For each line below, check whether "ezdxf" is present. Report how many lines have it, nothing else.
START Data for processing
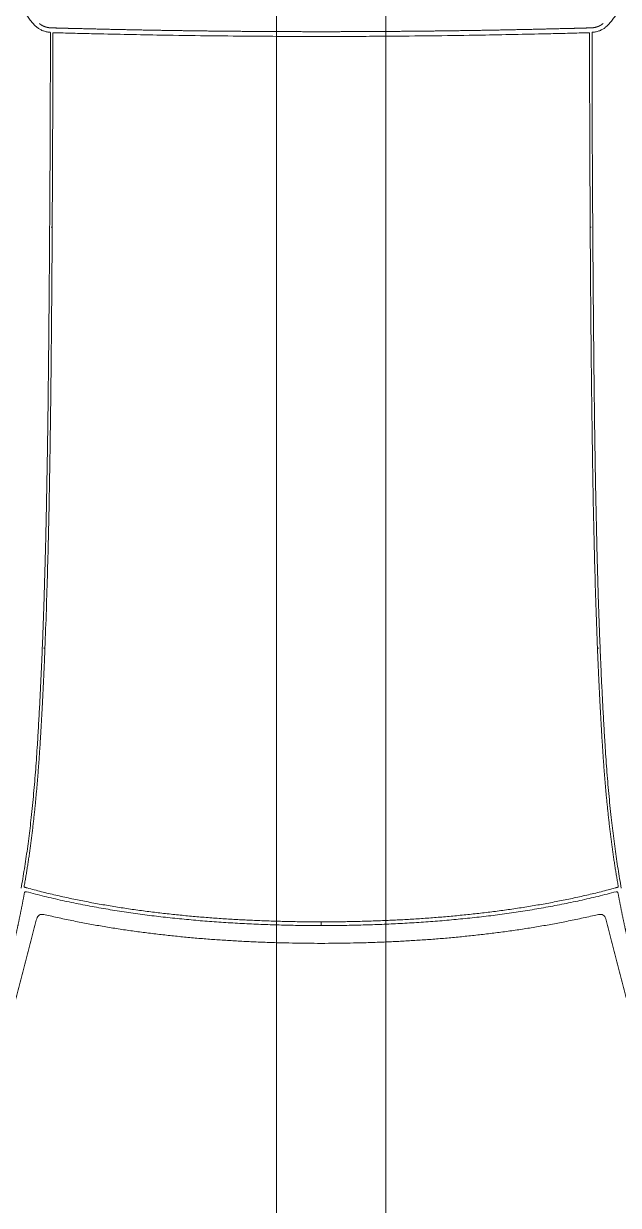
# Model space of a CAD drawing. Header units: metres. Extents: x -13316 to 152404, y -3899 to 30226.
# Drawn here: x 115054.2 to 115163.1, y 3208 to 3424.3 of the extents above; entities that cross this region are included whole.
import ezdxf
from ezdxf.xclip import XClip

# ---------------------------------------------------------------- set-up
doc = ezdxf.new("R2010")
doc.units = ezdxf.units.M
doc.header["$LTSCALE"] = 100
doc.header["$MEASUREMENT"] = 0
doc.header["$XCLIPFRAME"] = 0
doc.layers.get('0').update_dxf_attribs({"color": 9, "lineweight": 9})
for name, color, linetype, lineweight in [('04', 9, 'Continuous', 9), ('06B', 9, 'Continuous', 9), ('06D', 9, 'Continuous', 9)]:
    doc.layers.add(name, color=color, linetype=linetype, lineweight=lineweight)

# ---------------------------------------------------------------- blocks, each defined once
blk = doc.blocks.new('p-araba-polo')
at = {"extrusion": (0, 0, -1)}
for p, q in [((1.7726, 0.5433), (1.7726, 0.5433)), ((1.7128, 0), (1.7144, 0))]:
    blk.add_line(p, q, dxfattribs=at)
for p, q in [((1.7128, 0), (1.7144, 0)), ((1.7726, -0.5433), (1.7726, -0.5433))]:
    blk.add_line(p, q)
for points, degree, knots in [([(1.2061, 0.646), (1.2178, 0.6436), (1.2414, 0.6388), (1.2769, 0.6313), (1.3126, 0.6234), (1.3484, 0.6153), (1.3843, 0.6069), (1.4204, 0.5983), (1.4567, 0.5894), (1.4933, 0.5804), (1.53, 0.5712), (1.567, 0.5618), (1.6042, 0.5523), (1.6418, 0.5426), (1.6796, 0.5329), (1.7052, 0.5262), (1.7179, 0.5229)], 3, [0, 0, 0, 0, 0.071429, 0.142858, 0.214287, 0.285715, 0.357144, 0.428573, 0.500002, 0.571431, 0.642859, 0.714288, 0.785716, 0.857144, 0.928573, 1, 1, 1, 1]), ([(1.7748, 0.5406), (1.7748, 0.5409), (1.7747, 0.5416), (1.7742, 0.5424), (1.7735, 0.5431), (1.7729, 0.5432), (1.7726, 0.5433)], 3, [0, 0, 0, 0, 0.250001, 0.500007, 0.750005, 1, 1, 1, 1]), ([(1.7811, 0.5493), (1.7869, 0.5483), (1.7986, 0.5463), (1.8165, 0.5434), (1.8347, 0.5406), (1.8532, 0.5379), (1.8721, 0.5354), (1.8913, 0.533), (1.9187, 0.5299), (1.9546, 0.5264), (1.9991, 0.5226), (2.0291, 0.5206), (2.0442, 0.5196)], 3, [0, 0, 0, 0, 0.068934, 0.138708, 0.209326, 0.28079, 0.353094, 0.426221, 0.500139, 0.664458, 0.831511, 1, 1, 1, 1]), ([(1.7832, 0.5436), (1.7831, 0.5434), (1.7829, 0.5429), (1.7827, 0.5424), (1.7827, 0.5422)], 3, [0, 0, 0, 0, 0.483515, 1, 1, 1, 1]), ([(1.7842, 0.5439), (1.784, 0.5439), (1.7836, 0.544), (1.7833, 0.5437), (1.7832, 0.5436)], 3, [0, 0, 0, 0, 0.530721, 1, 1, 1, 1]), ([(3.3572, 0.5202), (3.3577, 0.5208), (3.3587, 0.522), (3.3608, 0.5242), (3.3635, 0.5269), (3.367, 0.5299), (3.3705, 0.5327), (3.3741, 0.5354), (3.379, 0.5388), (3.3828, 0.5413), (3.3853, 0.5429)], 3, [0, 0, 0, 0, 0.060335, 0.124578, 0.249278, 0.374233, 0.499321, 0.624409, 0.749543, 1, 1, 1, 1]), ([(1.7128, 0), (1.7128, 0.0114), (1.7129, 0.0341), (1.7135, 0.0682), (1.7145, 0.1023), (1.716, 0.1363), (1.7179, 0.1703), (1.7202, 0.2043), (1.7231, 0.2383), (1.7264, 0.2722), (1.7302, 0.3061), (1.7347, 0.3398), (1.7397, 0.3735), (1.7453, 0.4071), (1.7515, 0.4405), (1.7585, 0.4738), (1.7661, 0.5069), (1.7718, 0.5288), (1.7747, 0.5398)], 3, [0, 0, 0, 0, 0.0625, 0.125001, 0.187501, 0.250001, 0.312502, 0.375002, 0.437502, 0.500002, 0.562502, 0.625002, 0.687502, 0.750002, 0.812502, 0.875001, 0.937501, 1, 1, 1, 1]), ([(1.7179, 0.5229), (1.7195, 0.5224), (1.7226, 0.5216), (1.7271, 0.5202), (1.7308, 0.5181), (1.7331, 0.5145), (1.7333, 0.5099), (1.7324, 0.505), (1.7316, 0.5016), (1.7312, 0.4998)], 3, [0, 0, 0, 0, 0.155607, 0.308809, 0.443172, 0.561441, 0.688648, 0.838161, 1, 1, 1, 1]), ([(1.7312, 0.4998), (1.7316, 0.5016), (1.7324, 0.505), (1.7333, 0.5099), (1.7331, 0.5145), (1.7308, 0.5181), (1.7271, 0.5202), (1.7226, 0.5216), (1.7195, 0.5224), (1.7179, 0.5229)], 3, [0, 0, 0, 0, 0.161839, 0.311352, 0.438559, 0.556828, 0.691191, 0.844393, 1, 1, 1, 1]), ([(1.7747, 0.5398), (1.7747, 0.5399), (1.7748, 0.5402), (1.7748, 0.5405), (1.7748, 0.5406)], 3, [0, 0, 0, 0, 0.499981, 1, 1, 1, 1]), ([(2.0442, 0.5196), (2.0557, 0.5189), (2.0787, 0.5175), (2.1132, 0.5156), (2.1477, 0.5138), (2.1823, 0.5122), (2.2169, 0.5107), (2.2515, 0.5094), (2.2861, 0.5081), (2.3208, 0.507), (2.3439, 0.5064), (2.3554, 0.506)], 3, [0, 0, 0, 0, 0.111111, 0.222222, 0.333333, 0.444444, 0.555555, 0.666666, 0.777777, 0.888889, 1, 1, 1, 1]), ([(3.3483, 0.4967), (3.3484, 0.4979), (3.3487, 0.5002), (3.3495, 0.5047), (3.351, 0.5099), (3.3533, 0.5145), (3.3554, 0.5178), (3.3566, 0.5194), (3.3572, 0.5202)], 3, [0, 0, 0, 0, 0.125989, 0.249779, 0.499456, 0.749332, 0.870647, 1, 1, 1, 1]), ([(1.7198, 0.4462), (1.7216, 0.4552), (1.7252, 0.4731), (1.7292, 0.4909), (1.7312, 0.4998)], 3, [0, 0, 0, 0, 0.5006, 1, 1, 1, 1]), ([(1.7312, 0.4998), (1.7292, 0.4909), (1.7252, 0.4731), (1.7216, 0.4552), (1.7198, 0.4462)], 3, [0, 0, 0, 0, 0.4994, 1, 1, 1, 1]), ([(2.9914, 0.4925), (2.9681, 0.4926), (2.9215, 0.4929), (2.8515, 0.4934), (2.7815, 0.494), (2.7115, 0.4947), (2.6414, 0.4956), (2.5713, 0.4966), (2.5012, 0.4978), (2.4311, 0.4992), (2.361, 0.501), (2.2908, 0.5031), (2.2441, 0.5049), (2.2208, 0.5057)], 3, [0, 0, 0, 0, 0.090909, 0.181819, 0.272729, 0.363638, 0.454547, 0.545456, 0.636366, 0.727274, 0.818182, 0.909092, 1, 1, 1, 1]), ([(2.3554, 0.506), (2.3703, 0.5056), (2.4001, 0.5048), (2.4448, 0.5038), (2.4895, 0.5028), (2.5342, 0.502), (2.5789, 0.5013), (2.6236, 0.5006), (2.6682, 0.5), (2.7129, 0.4995), (2.7575, 0.499), (2.8022, 0.4986), (2.8468, 0.4982), (2.8914, 0.4978), (2.936, 0.4975), (2.9805, 0.4972), (3.0251, 0.4969), (3.0696, 0.4966), (3.0993, 0.4965), (3.1141, 0.4964)], 3, [0, 0, 0, 0, 0.058823, 0.117647, 0.17647, 0.235294, 0.294117, 0.352941, 0.411764, 0.470588, 0.529411, 0.588235, 0.647058, 0.705882, 0.764706, 0.823529, 0.882353, 0.941176, 1, 1, 1, 1]), ([(3.1141, 0.4964), (3.1335, 0.4963), (3.1724, 0.4962), (3.2307, 0.496), (3.2791, 0.4958), (3.3179, 0.4958), (3.3372, 0.4958), (3.3469, 0.4958)], 3, [0, 0, 0, 0, 0.250049, 0.500074, 0.750085, 0.874591, 1, 1, 1, 1]), ([(3.2865, 0.4958), (3.2865, 0.4958), (3.2865, 0.4958), (3.2865, 0.4958), (3.2865, 0.4958), (3.2865, 0.4958), (3.2865, 0.4958)], 3, [0, 0, 0, 0, 1, 1, 1, 1, 1, 1, 1]), ([(3.2865, 0.4958), (3.2865, 0.4958), (3.2865, 0.4958), (3.2865, 0.4958), (3.2865, 0.4958), (3.2865, 0.4958), (3.2865, 0.4958)], 3, [0, 0, 0, 0, 1, 1, 1, 1, 1, 1, 1]), ([(3.3038, 0.4958), (3.3038, 0.4958), (3.3038, 0.4958), (3.3038, 0.4958), (3.3038, 0.4958), (3.3038, 0.4958), (3.3038, 0.4958)], 3, [0, 0, 0, 0, 1, 1, 1, 1, 1, 1, 1]), ([(3.3038, 0.4958), (3.3038, 0.4958), (3.3038, 0.4958), (3.3038, 0.4958), (3.3038, 0.4958), (3.3038, 0.4958), (3.3038, 0.4958)], 3, [0, 0, 0, 0, 1, 1, 1, 1, 1, 1, 1]), ([(3.3406, 0), (3.3406, 0.0157), (3.3407, 0.0471), (3.3408, 0.0942), (3.3414, 0.1788), (3.3425, 0.2677), (3.3443, 0.3606), (3.3454, 0.4121), (3.3465, 0.4551), (3.3471, 0.4781), (3.3475, 0.4896)], 3, [0, 0, 0, 0, 0.095818, 0.191637, 0.287456, 0.612278, 0.734598, 0.85691, 0.928456, 1, 1, 1, 1]), ([(3.3475, 0.4896), (3.3475, 0.49), (3.3475, 0.4908), (3.3468, 0.491), (3.3464, 0.4911)], 3, [0, 0, 0, 0, 0.548693, 1, 1, 1, 1]), ([(3.3469, 0.4958), (3.347, 0.4958), (3.3472, 0.4958), (3.3475, 0.4958), (3.3479, 0.4959), (3.3482, 0.4962), (3.3483, 0.4965), (3.3483, 0.4967)], 3, [0, 0, 0, 0, 0.126989, 0.253376, 0.501595, 0.750756, 1, 1, 1, 1]), ([(3.3562, 0.4912), (3.3562, 0.4906), (3.3562, 0.4894), (3.3561, 0.4878), (3.3561, 0.4864), (3.3561, 0.4854), (3.356, 0.4845), (3.356, 0.484), (3.356, 0.4837)], 3, [0, 0, 0, 0, 0.252172, 0.502148, 0.651132, 0.794911, 0.894758, 1, 1, 1, 1]), ([(1.7198, 0.4462), (1.7181, 0.4376), (1.7148, 0.4203), (1.7103, 0.3943), (1.7061, 0.3683), (1.7024, 0.3422), (1.6989, 0.316), (1.6958, 0.2898), (1.693, 0.2636), (1.6905, 0.2373), (1.6882, 0.211), (1.6863, 0.1847), (1.6847, 0.1584), (1.6833, 0.132), (1.6821, 0.1056), (1.6813, 0.0792), (1.6807, 0.0528), (1.6803, 0.0264), (1.6802, 0.0088), (1.6802, 0)], 3, [0, 0, 0, 0, 0.058823, 0.117647, 0.17647, 0.235293, 0.294117, 0.35294, 0.411764, 0.470587, 0.529411, 0.588235, 0.647058, 0.705882, 0.764705, 0.823529, 0.882353, 0.941176, 1, 1, 1, 1]), ([(1.7198, -0.4462), (1.7181, -0.4376), (1.7148, -0.4203), (1.7103, -0.3943), (1.7061, -0.3683), (1.7024, -0.3422), (1.6989, -0.316), (1.6958, -0.2898), (1.693, -0.2636), (1.6905, -0.2373), (1.6882, -0.211), (1.6863, -0.1847), (1.6847, -0.1583), (1.6833, -0.132), (1.6821, -0.1056), (1.6813, -0.0792), (1.6807, -0.0528), (1.6803, -0.0264), (1.6802, -0.0088), (1.6802, 0)], 3, [0, 0, 0, 0, 0.058823, 0.117647, 0.17647, 0.235293, 0.294117, 0.35294, 0.411764, 0.470587, 0.529411, 0.588235, 0.647058, 0.705882, 0.764705, 0.823529, 0.882353, 0.941176, 1, 1, 1, 1]), ([(1.7128, 0), (1.7128, -0.0114), (1.7129, -0.0341), (1.7135, -0.0682), (1.7145, -0.1022), (1.716, -0.1363), (1.7179, -0.1703), (1.7202, -0.2043), (1.7231, -0.2383), (1.7264, -0.2722), (1.7302, -0.3061), (1.7347, -0.3398), (1.7397, -0.3735), (1.7453, -0.4071), (1.7515, -0.4405), (1.7585, -0.4738), (1.7661, -0.5069), (1.7718, -0.5288), (1.7747, -0.5398)], 3, [0, 0, 0, 0, 0.0625, 0.125001, 0.187501, 0.250001, 0.312502, 0.375002, 0.437502, 0.500002, 0.562502, 0.625002, 0.687502, 0.750002, 0.812502, 0.875001, 0.937501, 1, 1, 1, 1]), ([(1.7165, 0), (1.7165, 0), (1.7165, 0), (1.7165, 0), (1.7165, 0), (1.7165, 0), (1.7165, 0), (1.7165, 0), (1.7165, 0), (1.7165, 0), (1.7165, 0)], 5, [0, 0, 0, 0, 0, 0, 1, 1, 1, 1, 1, 1.000001, 1.000001, 1.000001, 1.000001, 1.000001, 1.000001]), ([(1.7165, 0), (1.7165, 0), (1.7165, 0), (1.7165, 0), (1.7165, 0), (1.7165, 0), (1.7165, 0)], 3, [0, 0, 0, 0, 1, 1, 1, 1.000001, 1.000001, 1.000001, 1.000001]), ([(1.7165, 0), (1.7165, 0), (1.7165, 0), (1.7165, 0), (1.7165, 0), (1.7165, 0), (1.7165, 0), (1.7165, 0), (1.7165, 0), (1.7165, 0), (1.7165, 0)], 5, [0, 0, 0, 0, 0, 0, 1, 1, 1, 1, 1, 1.000001, 1.000001, 1.000001, 1.000001, 1.000001, 1.000001]), ([(1.7165, 0), (1.7165, 0), (1.7165, 0), (1.7165, 0), (1.7165, 0), (1.7165, 0), (1.7165, 0)], 3, [0, 0, 0, 0, 1, 1, 1, 1.000001, 1.000001, 1.000001, 1.000001]), ([(1.7178, 0), (1.7178, 0), (1.7178, 0), (1.7178, 0), (1.7178, 0), (1.7178, 0), (1.7178, 0), (1.7178, 0), (1.7178, 0), (1.7178, 0), (1.7178, 0)], 5, [0, 0, 0, 0, 0, 0, 1, 1, 1, 1, 1, 1.000001, 1.000001, 1.000001, 1.000001, 1.000001, 1.000001]), ([(1.7178, 0), (1.7178, 0), (1.7178, 0), (1.7178, 0), (1.7178, 0), (1.7178, 0), (1.7178, 0), (1.7178, 0), (1.7178, 0), (1.7178, 0), (1.7178, 0)], 5, [0, 0, 0, 0, 0, 0, 1, 1, 1, 1, 1, 1.000001, 1.000001, 1.000001, 1.000001, 1.000001, 1.000001]), ([(3.3406, 0), (3.3406, -0.0157), (3.3407, -0.0471), (3.3408, -0.0942), (3.3414, -0.1788), (3.3425, -0.2677), (3.3443, -0.3606), (3.3454, -0.4121), (3.3465, -0.4551), (3.3471, -0.4781), (3.3475, -0.4896)], 3, [0, 0, 0, 0, 0.095818, 0.191637, 0.287456, 0.612278, 0.734598, 0.85691, 0.928456, 1, 1, 1, 1]), ([(1.7198, -0.4462), (1.7216, -0.4552), (1.7252, -0.4731), (1.7292, -0.4909), (1.7312, -0.4998)], 3, [0, 0, 0, 0, 0.5006, 1, 1, 1, 1]), ([(1.7312, -0.4998), (1.7292, -0.4909), (1.7252, -0.4731), (1.7216, -0.4552), (1.7198, -0.4462)], 3, [0, 0, 0, 0, 0.4994, 1, 1, 1, 1]), ([(2.9914, -0.4925), (2.9681, -0.4926), (2.9215, -0.4929), (2.8515, -0.4934), (2.7815, -0.494), (2.7115, -0.4947), (2.6414, -0.4956), (2.5713, -0.4966), (2.5012, -0.4978), (2.4311, -0.4992), (2.361, -0.501), (2.2908, -0.5031), (2.2441, -0.5049), (2.2208, -0.5057)], 3, [0, 0, 0, 0, 0.090909, 0.181819, 0.272729, 0.363638, 0.454547, 0.545456, 0.636366, 0.727274, 0.818182, 0.909092, 1, 1, 1, 1]), ([(2.3554, -0.506), (2.3703, -0.5056), (2.4001, -0.5048), (2.4448, -0.5038), (2.4895, -0.5028), (2.5342, -0.502), (2.5789, -0.5013), (2.6236, -0.5006), (2.6682, -0.5), (2.7129, -0.4995), (2.7575, -0.499), (2.8022, -0.4986), (2.8468, -0.4982), (2.8914, -0.4978), (2.936, -0.4975), (2.9805, -0.4972), (3.0251, -0.4969), (3.0696, -0.4966), (3.0993, -0.4965), (3.1141, -0.4964)], 3, [0, 0, 0, 0, 0.058823, 0.117647, 0.17647, 0.235294, 0.294117, 0.352941, 0.411764, 0.470588, 0.529411, 0.588235, 0.647058, 0.705882, 0.764706, 0.823529, 0.882353, 0.941176, 1, 1, 1, 1]), ([(3.1141, -0.4964), (3.1335, -0.4963), (3.1724, -0.4962), (3.2307, -0.496), (3.2791, -0.4958), (3.3179, -0.4958), (3.3372, -0.4958), (3.3469, -0.4958)], 3, [0, 0, 0, 0, 0.250049, 0.500074, 0.750085, 0.874591, 1, 1, 1, 1]), ([(3.2865, -0.4958), (3.2865, -0.4958), (3.2865, -0.4958), (3.2865, -0.4958), (3.2865, -0.4958), (3.2865, -0.4958), (3.2865, -0.4958)], 3, [0, 0, 0, 0, 1, 1, 1, 1, 1, 1, 1]), ([(3.2865, -0.4958), (3.2865, -0.4958), (3.2865, -0.4958), (3.2865, -0.4958), (3.2865, -0.4958), (3.2865, -0.4958), (3.2865, -0.4958)], 3, [0, 0, 0, 0, 1, 1, 1, 1, 1, 1, 1]), ([(3.3038, -0.4958), (3.3038, -0.4958), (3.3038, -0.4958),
END Data for processing
- [Solution to this problem] 4